Omit the pictures and print exactly the lines of the listing below, starting at the first and ending at the line containing "(-122.5, 112.5), align=None)".

┌─ DATA SUPPLIED

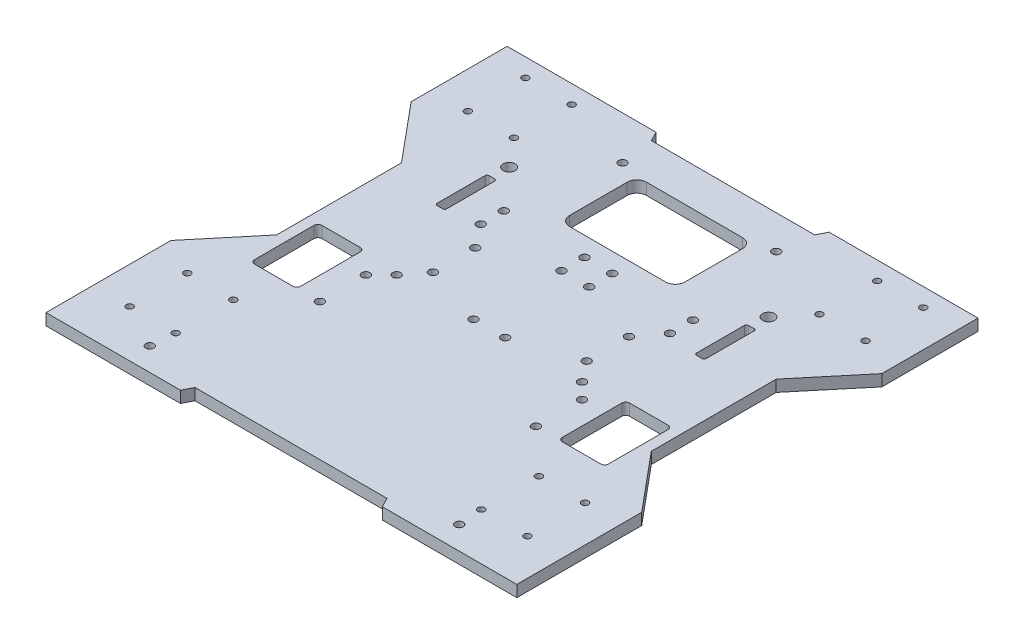
from build123d import *

# Parameters (mm, degrees)
BOSS_EXTRUDE1_DEPTH             = 6
CUT_EXTRUDE3_REACH              = 178.914
SKETCH4_R                       = 1.75
MIRROR2_COPY_1_REACH            = 178.914
MIRROR2_COPY_1_SKETCH_R         = 1.75
CUT_EXTRUDE9_REACH              = 178.914
SKETCH14_R                      = 2.1
CUT_EXTRUDE12_REACH             = 178.914
SKETCH16_R                      = 2.1
CUT_EXTRUDE11_REACH             = 178.914
SKETCH15_R                      = 3.1
CUT_EXTRUDE14_REACH             = 178.914
SKETCH19_R                      = 2.1
CUT_EXTRUDE15_REACH             = 178.914
SKETCH20_R                      = 2.1
CUT_EXTRUDE13_REACH             = 178.914
CUT_EXTRUDE13_DIRECTION_2_DEPTH = 177.913820828


with BuildPart() as part:
    # Sketch1 → Boss-Extrude1 (new body)
    with BuildSketch(Plane(origin=(0, 0, 0), x_dir=(1, 0, 0), z_dir=(0, 1, 0))):
        Polygon((-122.5, 62.5), (-97.5, 32.5), (-97.5, -32.5), (-122.5, -62.5), (-122.5, -127.5), (-52.5, -127.5), (-50, -122.5), (50, -122.5), (52.5, -127.5), (122.5, -127.5), (122.5, -62.5), (97.5, -32.5), (97.5, 32.5), (122.5, 62.5), (122.5, 112.5), (45, 112.5), (42.5, 107.5), (-42.5, 107.5), (-45, 112.5), (-122.5, 112.5), align=None)
    extrude(amount=BOSS_EXTRUDE1_DEPTH)

    # Sketch4 → Cut-Extrude3 (cut, up to next)
    with BuildSketch(Plane(origin=(0, 6, 0), x_dir=(1, 0, 0), z_dir=(0, 1, 0)), mode=Mode.PRIVATE) as cut_extrude3_sk1:
        with Locations(Location((-103.5, 103, 0), (0, 0, 270))):
            Circle(SKETCH4_R)
    cut_extrude3_tool1 = extrude(cut_extrude3_sk1.sketch, amount=-CUT_EXTRUDE3_REACH, mode=Mode.PRIVATE) & part.part
    # Sketch4 → Cut-Extrude3 (cut, up to next)
    with BuildSketch(Plane(origin=(0, 6, 0), x_dir=(1, 0, 0), z_dir=(0, 1, 0)), mode=Mode.PRIVATE) as cut_extrude3_sk2:
        with Locations(Location((-103.5, 73, 0), (0, 0, 270))):
            Circle(SKETCH4_R)
    cut_extrude3_tool2 = extrude(cut_extrude3_sk2.sketch, amount=-CUT_EXTRUDE3_REACH, mode=Mode.PRIVATE) & part.part
    # Sketch4 → Cut-Extrude3 (cut, up to next)
    with BuildSketch(Plane(origin=(0, 6, 0), x_dir=(1, 0, 0), z_dir=(0, 1, 0)), mode=Mode.PRIVATE) as cut_extrude3_sk3:
        with Locations(Location((-79.5, 73, 0), (0, 0, 270))):
            Circle(SKETCH4_R)
    cut_extrude3_tool3 = extrude(cut_extrude3_sk3.sketch, amount=-CUT_EXTRUDE3_REACH, mode=Mode.PRIVATE) & part.part
    # Sketch4 → Cut-Extrude3 (cut, up to next)
    with BuildSketch(Plane(origin=(0, 6, 0), x_dir=(1, 0, 0), z_dir=(0, 1, 0)), mode=Mode.PRIVATE) as cut_extrude3_sk4:
        with Locations(Location((-79.5, 103, 0), (0, 0, 270))):
            Circle(SKETCH4_R)
    cut_extrude3_tool4 = extrude(cut_extrude3_sk4.sketch, amount=-CUT_EXTRUDE3_REACH, mode=Mode.PRIVATE) & part.part
    cut_extrude3_1 = cut_extrude3_tool1.solids().sort_by_distance((-103.5, 6, -103))[0]
    add(cut_extrude3_1, mode=Mode.SUBTRACT)
    cut_extrude3_2 = cut_extrude3_tool2.solids().sort_by_distance((-103.5, 6, -73))[0]
    add(cut_extrude3_2, mode=Mode.SUBTRACT)
    cut_extrude3_3 = cut_extrude3_tool3.solids().sort_by_distance((-79.5, 6, -73))[0]
    add(cut_extrude3_3, mode=Mode.SUBTRACT)
    cut_extrude3_4 = cut_extrude3_tool4.solids().sort_by_distance((-79.5, 6, -103))[0]
    add(cut_extrude3_4, mode=Mode.SUBTRACT)
    cut_extrude3 = cut_extrude3_1 + cut_extrude3_2 + cut_extrude3_3 + cut_extrude3_4  # Cut-Extrude3 as one shape, for the pattern or mirror that repeats it

    # Mirror1: Cut-Extrude3 across plane
    add(cut_extrude3.mirror(Plane.XY), mode=Mode.SUBTRACT)

    # Mirror2: Cut-Extrude3 across plane
    add(cut_extrude3.mirror(Plane(origin=(0, 0, 0), x_dir=(0, 0, 1), z_dir=(1, 0, 0))), mode=Mode.SUBTRACT)

    # Mirror2 copy 1 sketch → Mirror2 copy 1 (cut, up to next)
    with BuildSketch(Plane(origin=(0, 6, 0), x_dir=(-1, 0, 0), z_dir=(0, 1, 0)), mode=Mode.PRIVATE) as mirror2_copy_1_sk1:
        with Locations(Location((-103.5, 103, 0), (0, 0, 270))):
            Circle(MIRROR2_COPY_1_SKETCH_R)
    mirror2_copy_1_tool1 = extrude(mirror2_copy_1_sk1.sketch, amount=-MIRROR2_COPY_1_REACH, mode=Mode.PRIVATE) & part.part
    # Mirror2 copy 1 sketch → Mirror2 copy 1 (cut, up to next)
    with BuildSketch(Plane(origin=(0, 6, 0), x_dir=(-1, 0, 0), z_dir=(0, 1, 0)), mode=Mode.PRIVATE) as mirror2_copy_1_sk2:
        with Locations(Location((-103.5, 73, 0), (0, 0, 270))):
            Circle(MIRROR2_COPY_1_SKETCH_R)
    mirror2_copy_1_tool2 = extrude(mirror2_copy_1_sk2.sketch, amount=-MIRROR2_COPY_1_REACH, mode=Mode.PRIVATE) & part.part
    # Mirror2 copy 1 sketch → Mirror2 copy 1 (cut, up to next)
    with BuildSketch(Plane(origin=(0, 6, 0), x_dir=(-1, 0, 0), z_dir=(0, 1, 0)), mode=Mode.PRIVATE) as mirror2_copy_1_sk3:
        with Locations(Location((-79.5, 73, 0), (0, 0, 270))):
            Circle(MIRROR2_COPY_1_SKETCH_R)
    mirror2_copy_1_tool3 = extrude(mirror2_copy_1_sk3.sketch, amount=-MIRROR2_COPY_1_REACH, mode=Mode.PRIVATE) & part.part
    # Mirror2 copy 1 sketch → Mirror2 copy 1 (cut, up to next)
    with BuildSketch(Plane(origin=(0, 6, 0), x_dir=(-1, 0, 0), z_dir=(0, 1, 0)), mode=Mode.PRIVATE) as mirror2_copy_1_sk4:
        with Locations(Location((-79.5, 103, 0), (0, 0, 270))):
            Circle(MIRROR2_COPY_1_SKETCH_R)
    mirror2_copy_1_tool4 = extrude(mirror2_copy_1_sk4.sketch, amount=-MIRROR2_COPY_1_REACH, mode=Mode.PRIVATE) & part.part
    add(mirror2_copy_1_tool1.solids().sort_by_distance((103.5, 6, 103))[0], mode=Mode.SUBTRACT)
    add(mirror2_copy_1_tool2.solids().sort_by_distance((103.5, 6, 73))[0], mode=Mode.SUBTRACT)
    add(mirror2_copy_1_tool3.solids().sort_by_distance((79.5, 6, 73))[0], mode=Mode.SUBTRACT)
    add(mirror2_copy_1_tool4.solids().sort_by_distance((79.5, 6, 103))[0], mode=Mode.SUBTRACT)

    # Sketch14 → Cut-Extrude9 (cut, up to next)
    with BuildSketch(Plane(origin=(0, 6, 0), x_dir=(1, 0, 0), z_dir=(0, 1, 0)), mode=Mode.PRIVATE) as cut_extrude9_sk1:
        with Locations(Location((80.5, -115.5, 0), (0, 0, 270))):
            Circle(SKETCH14_R)
    cut_extrude9_tool1 = extrude(cut_extrude9_sk1.sketch, amount=-CUT_EXTRUDE9_REACH, mode=Mode.PRIVATE) & part.part
    # Sketch14 → Cut-Extrude9 (cut, up to next)
    with BuildSketch(Plane(origin=(0, 6, 0), x_dir=(1, 0, 0), z_dir=(0, 1, 0)), mode=Mode.PRIVATE) as cut_extrude9_sk2:
        with Locations(Location((-80.5, -115.5, 0), (0, 0, 270))):
            Circle(SKETCH14_R)
    cut_extrude9_tool2 = extrude(cut_extrude9_sk2.sketch, amount=-CUT_EXTRUDE9_REACH, mode=Mode.PRIVATE) & part.part
    add(cut_extrude9_tool1.solids().sort_by_distance((80.5, 6, 115.5))[0], mode=Mode.SUBTRACT)
    add(cut_extrude9_tool2.solids().sort_by_distance((-80.5, 6, 115.5))[0], mode=Mode.SUBTRACT)

    # Sketch16 → Cut-Extrude12 (cut, up to next)
    with BuildSketch(Plane.XZ, mode=Mode.PRIVATE) as cut_extrude12_sk1:
        with Locations(Location((40, -90, 0), (0, 0, 270))):
            Circle(SKETCH16_R)
    cut_extrude12_tool1 = extrude(cut_extrude12_sk1.sketch, amount=-CUT_EXTRUDE12_REACH, mode=Mode.PRIVATE) & part.part
    # Sketch16 → Cut-Extrude12 (cut, up to next)
    with BuildSketch(Plane.XZ, mode=Mode.PRIVATE) as cut_extrude12_sk2:
        with Locations(Location((-40, -90, 0), (0, 0, 270))):
            Circle(SKETCH16_R)
    cut_extrude12_tool2 = extrude(cut_extrude12_sk2.sketch, amount=-CUT_EXTRUDE12_REACH, mode=Mode.PRIVATE) & part.part
    # Sketch16 → Cut-Extrude12 (cut, up to next)
    with BuildSketch(Plane.XZ, mode=Mode.PRIVATE) as cut_extrude12_sk3:
        with Locations(Location((40, -13.358456008, 0), (0, 0, 270))):
            Circle(SKETCH16_R)
    cut_extrude12_tool3 = extrude(cut_extrude12_sk3.sketch, amount=-CUT_EXTRUDE12_REACH, mode=Mode.PRIVATE) & part.part
    # Sketch16 → Cut-Extrude12 (cut, up to next)
    with BuildSketch(Plane.XZ, mode=Mode.PRIVATE) as cut_extrude12_sk4:
        with Locations(Location((40, 8.674837349, 0), (0, 0, 270))):
            Circle(SKETCH16_R)
    cut_extrude12_tool4 = extrude(cut_extrude12_sk4.sketch, amount=-CUT_EXTRUDE12_REACH, mode=Mode.PRIVATE) & part.part
    # Sketch16 → Cut-Extrude12 (cut, up to next)
    with BuildSketch(Plane.XZ, mode=Mode.PRIVATE) as cut_extrude12_sk5:
        with Locations(Location((-40, 8.674837349, 0), (0, 0, 270))):
            Circle(SKETCH16_R)
    cut_extrude12_tool5 = extrude(cut_extrude12_sk5.sketch, amount=-CUT_EXTRUDE12_REACH, mode=Mode.PRIVATE) & part.part
    # Sketch16 → Cut-Extrude12 (cut, up to next)
    with BuildSketch(Plane.XZ, mode=Mode.PRIVATE) as cut_extrude12_sk6:
        with Locations(Location((-40, -13.358456008, 0), (0, 0, 270))):
            Circle(SKETCH16_R)
    cut_extrude12_tool6 = extrude(cut_extrude12_sk6.sketch, amount=-CUT_EXTRUDE12_REACH, mode=Mode.PRIVATE) & part.part
    add(cut_extrude12_tool1.solids().sort_by_distance((40, 0, -90))[0], mode=Mode.SUBTRACT)
    add(cut_extrude12_tool2.solids().sort_by_distance((-40, 0, -90))[0], mode=Mode.SUBTRACT)
    add(cut_extrude12_tool3.solids().sort_by_distance((40, 0, -13.358456))[0], mode=Mode.SUBTRACT)
    add(cut_extrude12_tool4.solids().sort_by_distance((40, 0, 8.674837))[0], mode=Mode.SUBTRACT)
    add(cut_extrude12_tool5.solids().sort_by_distance((-40, 0, 8.674837))[0], mode=Mode.SUBTRACT)
    add(cut_extrude12_tool6.solids().sort_by_distance((-40, 0, -13.358456))[0], mode=Mode.SUBTRACT)

    # Sketch15 → Cut-Extrude11 (cut, up to next)
    with BuildSketch(Plane(origin=(0, 6, 0), x_dir=(1, 0, 0), z_dir=(0, 1, 0)), mode=Mode.PRIVATE) as cut_extrude11_sk1:
        with Locations(Location((67.505806844, 58.499997918, 0), (0, 0, 270))):
            Circle(SKETCH15_R)
    cut_extrude11_tool1 = extrude(cut_extrude11_sk1.sketch, amount=-CUT_EXTRUDE11_REACH, mode=Mode.PRIVATE) & part.part
    # Sketch15 → Cut-Extrude11 (cut, up to next)
    with BuildSketch(Plane(origin=(0, 6, 0), x_dir=(1, 0, 0), z_dir=(0, 1, 0)), mode=Mode.PRIVATE) as cut_extrude11_sk2:
        with Locations(Location((-67.505806844, 58.499997918, 0), (0, 0, 270))):
            Circle(SKETCH15_R)
    cut_extrude11_tool2 = extrude(cut_extrude11_sk2.sketch, amount=-CUT_EXTRUDE11_REACH, mode=Mode.PRIVATE) & part.part
    # Sketch15 → Cut-Extrude11 (cut, up to next)
    with BuildSketch(Plane(origin=(0, 6, 0), x_dir=(1, 0, 0), z_dir=(0, 1, 0)), mode=Mode.PRIVATE) as cut_extrude11_sk3:
        with BuildLine():
            Line((68.982577074, 22.499037519), (65.999354737, 22.500962481))
            ThreePointArc((65.999354737, 22.500962481), (65.292665121, 22.794083664), (65, 23.500962273))
            Line((65, 23.500962273), (65, 48.500967478))
            ThreePointArc((65, 48.500967478), (65.29312139, 49.208302357), (66.000645263, 49.500967269))
            Line((66.000645263, 49.500967269), (68.999999167, 49.499031898))
            ThreePointArc((68.999999167, 49.499031898), (69.706916808, 49.20568247), (69.999353696, 48.498386843))
            Line((69.999353696, 48.498386843), (69.983222129, 23.498392048))
            ThreePointArc((69.983222129, 23.498392048), (69.689872701, 22.791474407), (68.982577074, 22.499037519))
        make_face()
    cut_extrude11_tool3 = extrude(cut_extrude11_sk3.sketch, amount=-CUT_EXTRUDE11_REACH, mode=Mode.PRIVATE) & part.part
    # Sketch15 → Cut-Extrude11 (cut, up to next)
    with BuildSketch(Plane(origin=(0, 6, 0), x_dir=(1, 0, 0), z_dir=(0, 1, 0)), mode=Mode.PRIVATE) as cut_extrude11_sk4:
        with BuildLine():
            Line((-68.982577074, 22.499037519), (-65.999354737, 22.500962481))
            ThreePointArc((-65.999354737, 22.500962481), (-65.292665121, 22.794083664), (-65, 23.500962273))
            Line((-65, 23.500962273), (-65, 48.500967478))
            ThreePointArc((-65, 48.500967478), (-65.29312139, 49.208302357), (-66.000645263, 49.500967269))
            Line((-66.000645263, 49.500967269), (-68.999999167, 49.499031898))
            ThreePointArc((-68.999999167, 49.499031898), (-69.706916808, 49.20568247), (-69.999353696, 48.498386843))
            Line((-69.999353696, 48.498386843), (-69.983222129, 23.498392048))
            ThreePointArc((-69.983222129, 23.498392048), (-69.689872701, 22.791474407), (-68.982577074, 22.499037519))
        make_face()
    cut_extrude11_tool4 = extrude(cut_extrude11_sk4.sketch, amount=-CUT_EXTRUDE11_REACH, mode=Mode.PRIVATE) & part.part
    add(cut_extrude11_tool1.solids().sort_by_distance((67.505807, 6, -58.499998))[0], mode=Mode.SUBTRACT)
    add(cut_extrude11_tool2.solids().sort_by_distance((-67.505807, 6, -58.499998))[0], mode=Mode.SUBTRACT)
    add(cut_extrude11_tool3.solids().sort_by_distance((67.495647, 6, -36.00784))[0], mode=Mode.SUBTRACT)
    add(cut_extrude11_tool4.solids().sort_by_distance((-67.495647, 6, -36.00784))[0], mode=Mode.SUBTRACT)

    # Sketch19 → Cut-Extrude14 (cut, up to next)
    with BuildSketch(Plane(origin=(0, 6, 0), x_dir=(1, 0, 0), z_dir=(0, 1, 0)), mode=Mode.PRIVATE) as cut_extrude14_sk1:
        with Locations(Location((-49.227478692, 25.452478965, 0), (0, 0, 270))):
            Circle(SKETCH19_R)
    cut_extrude14_tool1 = extrude(cut_extrude14_sk1.sketch, amount=-CUT_EXTRUDE14_REACH, mode=Mode.PRIVATE) & part.part
    # Sketch19 → Cut-Extrude14 (cut, up to next)
    with BuildSketch(Plane(origin=(0, 6, 0), x_dir=(1, 0, 0), z_dir=(0, 1, 0)), mode=Mode.PRIVATE) as cut_extrude14_sk2:
        with Locations(Location((-49.227478692, 37.452478965, 0), (0, 0, 270))):
            Circle(SKETCH19_R)
    cut_extrude14_tool2 = extrude(cut_extrude14_sk2.sketch, amount=-CUT_EXTRUDE14_REACH, mode=Mode.PRIVATE) & part.part
    # Sketch19 → Cut-Extrude14 (cut, up to next)
    with BuildSketch(Plane(origin=(0, 6, 0), x_dir=(1, 0, 0), z_dir=(0, 1, 0)), mode=Mode.PRIVATE) as cut_extrude14_sk3:
        with Locations(Location((-7.227478692, 37.452478965, 0), (0, 0, 270))):
            Circle(SKETCH19_R)
    cut_extrude14_tool3 = extrude(cut_extrude14_sk3.sketch, amount=-CUT_EXTRUDE14_REACH, mode=Mode.PRIVATE) & part.part
    # Sketch19 → Cut-Extrude14 (cut, up to next)
    with BuildSketch(Plane(origin=(0, 6, 0), x_dir=(1, 0, 0), z_dir=(0, 1, 0)), mode=Mode.PRIVATE) as cut_extrude14_sk4:
        with Locations(Location((-7.227478692, 25.452478965, 0), (0, 0, 270))):
            Circle(SKETCH19_R)
    cut_extrude14_tool4 = extrude(cut_extrude14_sk4.sketch, amount=-CUT_EXTRUDE14_REACH, mode=Mode.PRIVATE) & part.part
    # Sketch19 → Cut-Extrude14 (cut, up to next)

└─

→ RESPONSE FOR THIS EXERCISE:
from build123d import *

# Parameters (mm, degrees)
BOSS_EXTRUDE1_DEPTH             = 6
CUT_EXTRUDE3_REACH              = 178.914
SKETCH4_R                       = 1.75
MIRROR2_COPY_1_REACH            = 178.914
MIRROR2_COPY_1_SKETCH_R         = 1.75
CUT_EXTRUDE9_REACH              = 178.914
SKETCH14_R                      = 2.1
CUT_EXTRUDE12_REACH             = 178.914
SKETCH16_R                      = 2.1
CUT_EXTRUDE11_REACH             = 178.914
SKETCH15_R                      = 3.1
CUT_EXTRUDE14_REACH             = 178.914
SKETCH19_R                      = 2.1
CUT_EXTRUDE15_REACH             = 178.914
SKETCH20_R                      = 2.1
CUT_EXTRUDE13_REACH             = 178.914
CUT_EXTRUDE13_DIRECTION_2_DEPTH = 177.913820828


with BuildPart() as part:
    # Sketch1 → Boss-Extrude1 (new body)
    with BuildSketch(Plane(origin=(0, 0, 0), x_dir=(1, 0, 0), z_dir=(0, 1, 0))):
        Polygon((-122.5, 62.5), (-97.5, 32.5), (-97.5, -32.5), (-122.5, -62.5), (-122.5, -127.5), (-52.5, -127.5), (-50, -122.5), (50, -122.5), (52.5, -127.5), (122.5, -127.5), (122.5, -62.5), (97.5, -32.5), (97.5, 32.5), (122.5, 62.5), (122.5, 112.5), (45, 112.5), (42.5, 107.5), (-42.5, 107.5), (-45, 112.5), (-122.5, 112.5), align=None)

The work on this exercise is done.